In the upcoming studio circle, one tantalizing possibility is arising. What is it like to unfold our work side by side over time? I am always studying up on Quaker meeting practice and quilting bees as I prepare.

I imagined the online studio as if anyone could drop by like a neighbor. My life was full of such occasions at the Washington Writers Retreat, and among creative clusters in DC. It was that way in the Coronado District in downtown Phoenix years before, too. Corner office conversations on the front porch or in the shed out back. Quiet time together. Hands moving, hearts changing.

Circles and cycles organize our time in the studio. Each hour comprises three 20-minute movements. First, greet each other and chat at the top of the hour. Next, focus on a topic for 20 minutes in the middle. Then, mute ourselves to work quietly together to the end of the hour. Same time-cycling in the second and third hours with bio breaks in between. I leave the screen on, mute myself, and move about my space as needed. It’s odd at first, then becomes coffee shop cozy.

How to arrive in the circle?

Set your intentions for the session and be ready with your work at hand. It’s important to arrive at the top of the hour so our cyclical timing will work, and perfectly fine to step away anytime. Though I am a writer and the topics center on creative practice, it’s always an option to bring your handiwork and simply listen.

What does drop-in really mean?

Pretend you live nearby. You know I’m doing this process during these hours. Drop in when you have the time. Stay an hour, more or less. Come back each week, more or less. You are welcome in all cases πŸ™‚

What should I be doing in the social studio?

Good question! Self-directed inquiry among friends is the point. Here are some places to start.

The Completing & Creating prompts are here.

Try taking the questions two at a time and working in Dynamic Duos

Examine the unfolding effects of Appreciative Inquiry. More evidence of My Love Affair with the Circle.

Ask yourself what Animating Tensions are at play.

Bring something to color or draw to the table, and sink into questions 3 and 4. Soothing patterns and shapes help me go deeper into where I missed the mark and what needs mending.

Completing this Cycle and Creating the Path Ahead

For me, the Completing & Creating cycle is aligned with the winter season, woven among the family time, holiday rituals, and colder weather. Reflecting back, the questions elicit gratitude, affirm limits, and tend to relationships. Looking forward, the opportunity is to carry on from the sacred center of somewhere in a somewhat sensible way.

Over the years, my management practice improved through this routine, though I often found it difficult to ‘complete’ against the demands of year-end fundraising. In those days, I savored my thoughts and feelings in a Sunday morning journal but did little about it until late January. Then, I cloistered away for a long weekend to make measure. The MLK holiday is often the chance to move in the creative direction.

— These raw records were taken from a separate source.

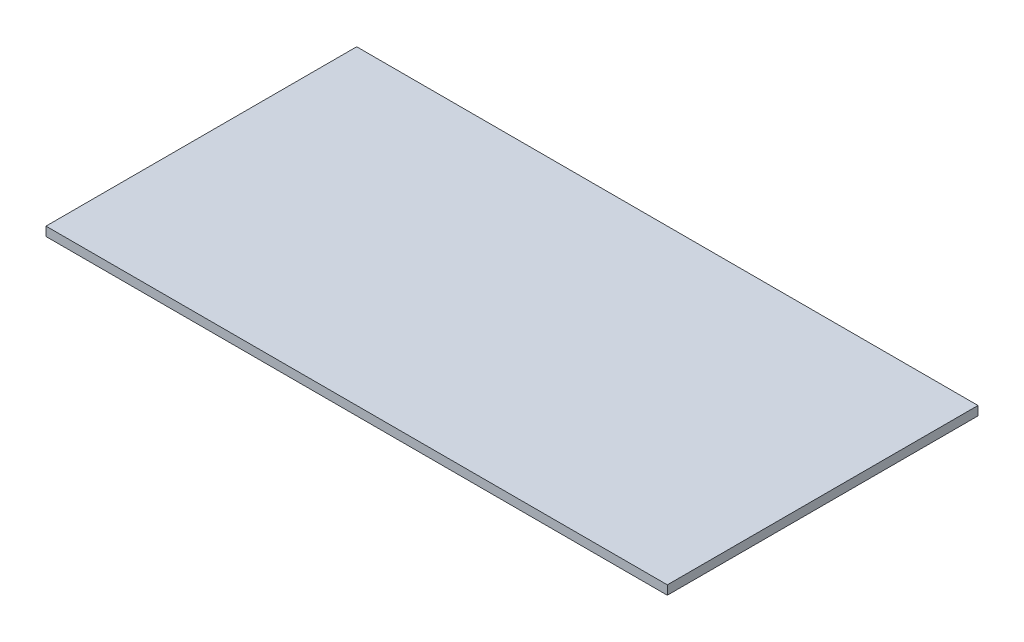
SolidWorks part; units mm, degrees
ref_plane "Front Plane" through (0, 0, 0) normal (0, 0, 1) x (1, 0, 0)
ref_plane "Top Plane" through (0, 0, 0) normal (0, 1, 0) x (1, 0, 0)
ref_plane "Right Plane" through (0, 0, 0) normal (1, 0, 0) x (0, 0, -1)
sketch "Sketch1" plane through (0, 0, 0) normal (0, 1, 0) x (1, 0, 0)
  line L1 (0, 0) -> (110, 0)
  line L2 (0, 0) -> (0, 55)
  line L3 (0, 55) -> (110, 55)
  line L4 (110, 0) -> (110, 55)
  dimension "D1" = 110
  dimension "D2" = 55
extrude "Boss-Extrude1" add sketch "Sketch1" along normal blind 1.6

All together now has been an important mantra this year, so I’m hosting a circle and holding the weekly Wednesday online studio space for the completing and creating process. The simple scaffold is useful to me, and of course, the experience itself unfolds in wonder among friends.

Serving as host (not leader, teacher, or guru) is intentional. The exchange model is dāna, the secular Buddhist practice of balanced exchange. Practitioners contribute to the host what they feel is right and can offer joyfully. Often gifts are not cash, but sometimes a payment is an easy option. The equivalent management practice is PWYW, pay what you wish.

It’s a model that rests in abundance, respects personal limits, and gestures outward toward opportunity. You’re in to begin for free. Your presence is a gift itself. What you contribute (or don’t) is entirely your decision.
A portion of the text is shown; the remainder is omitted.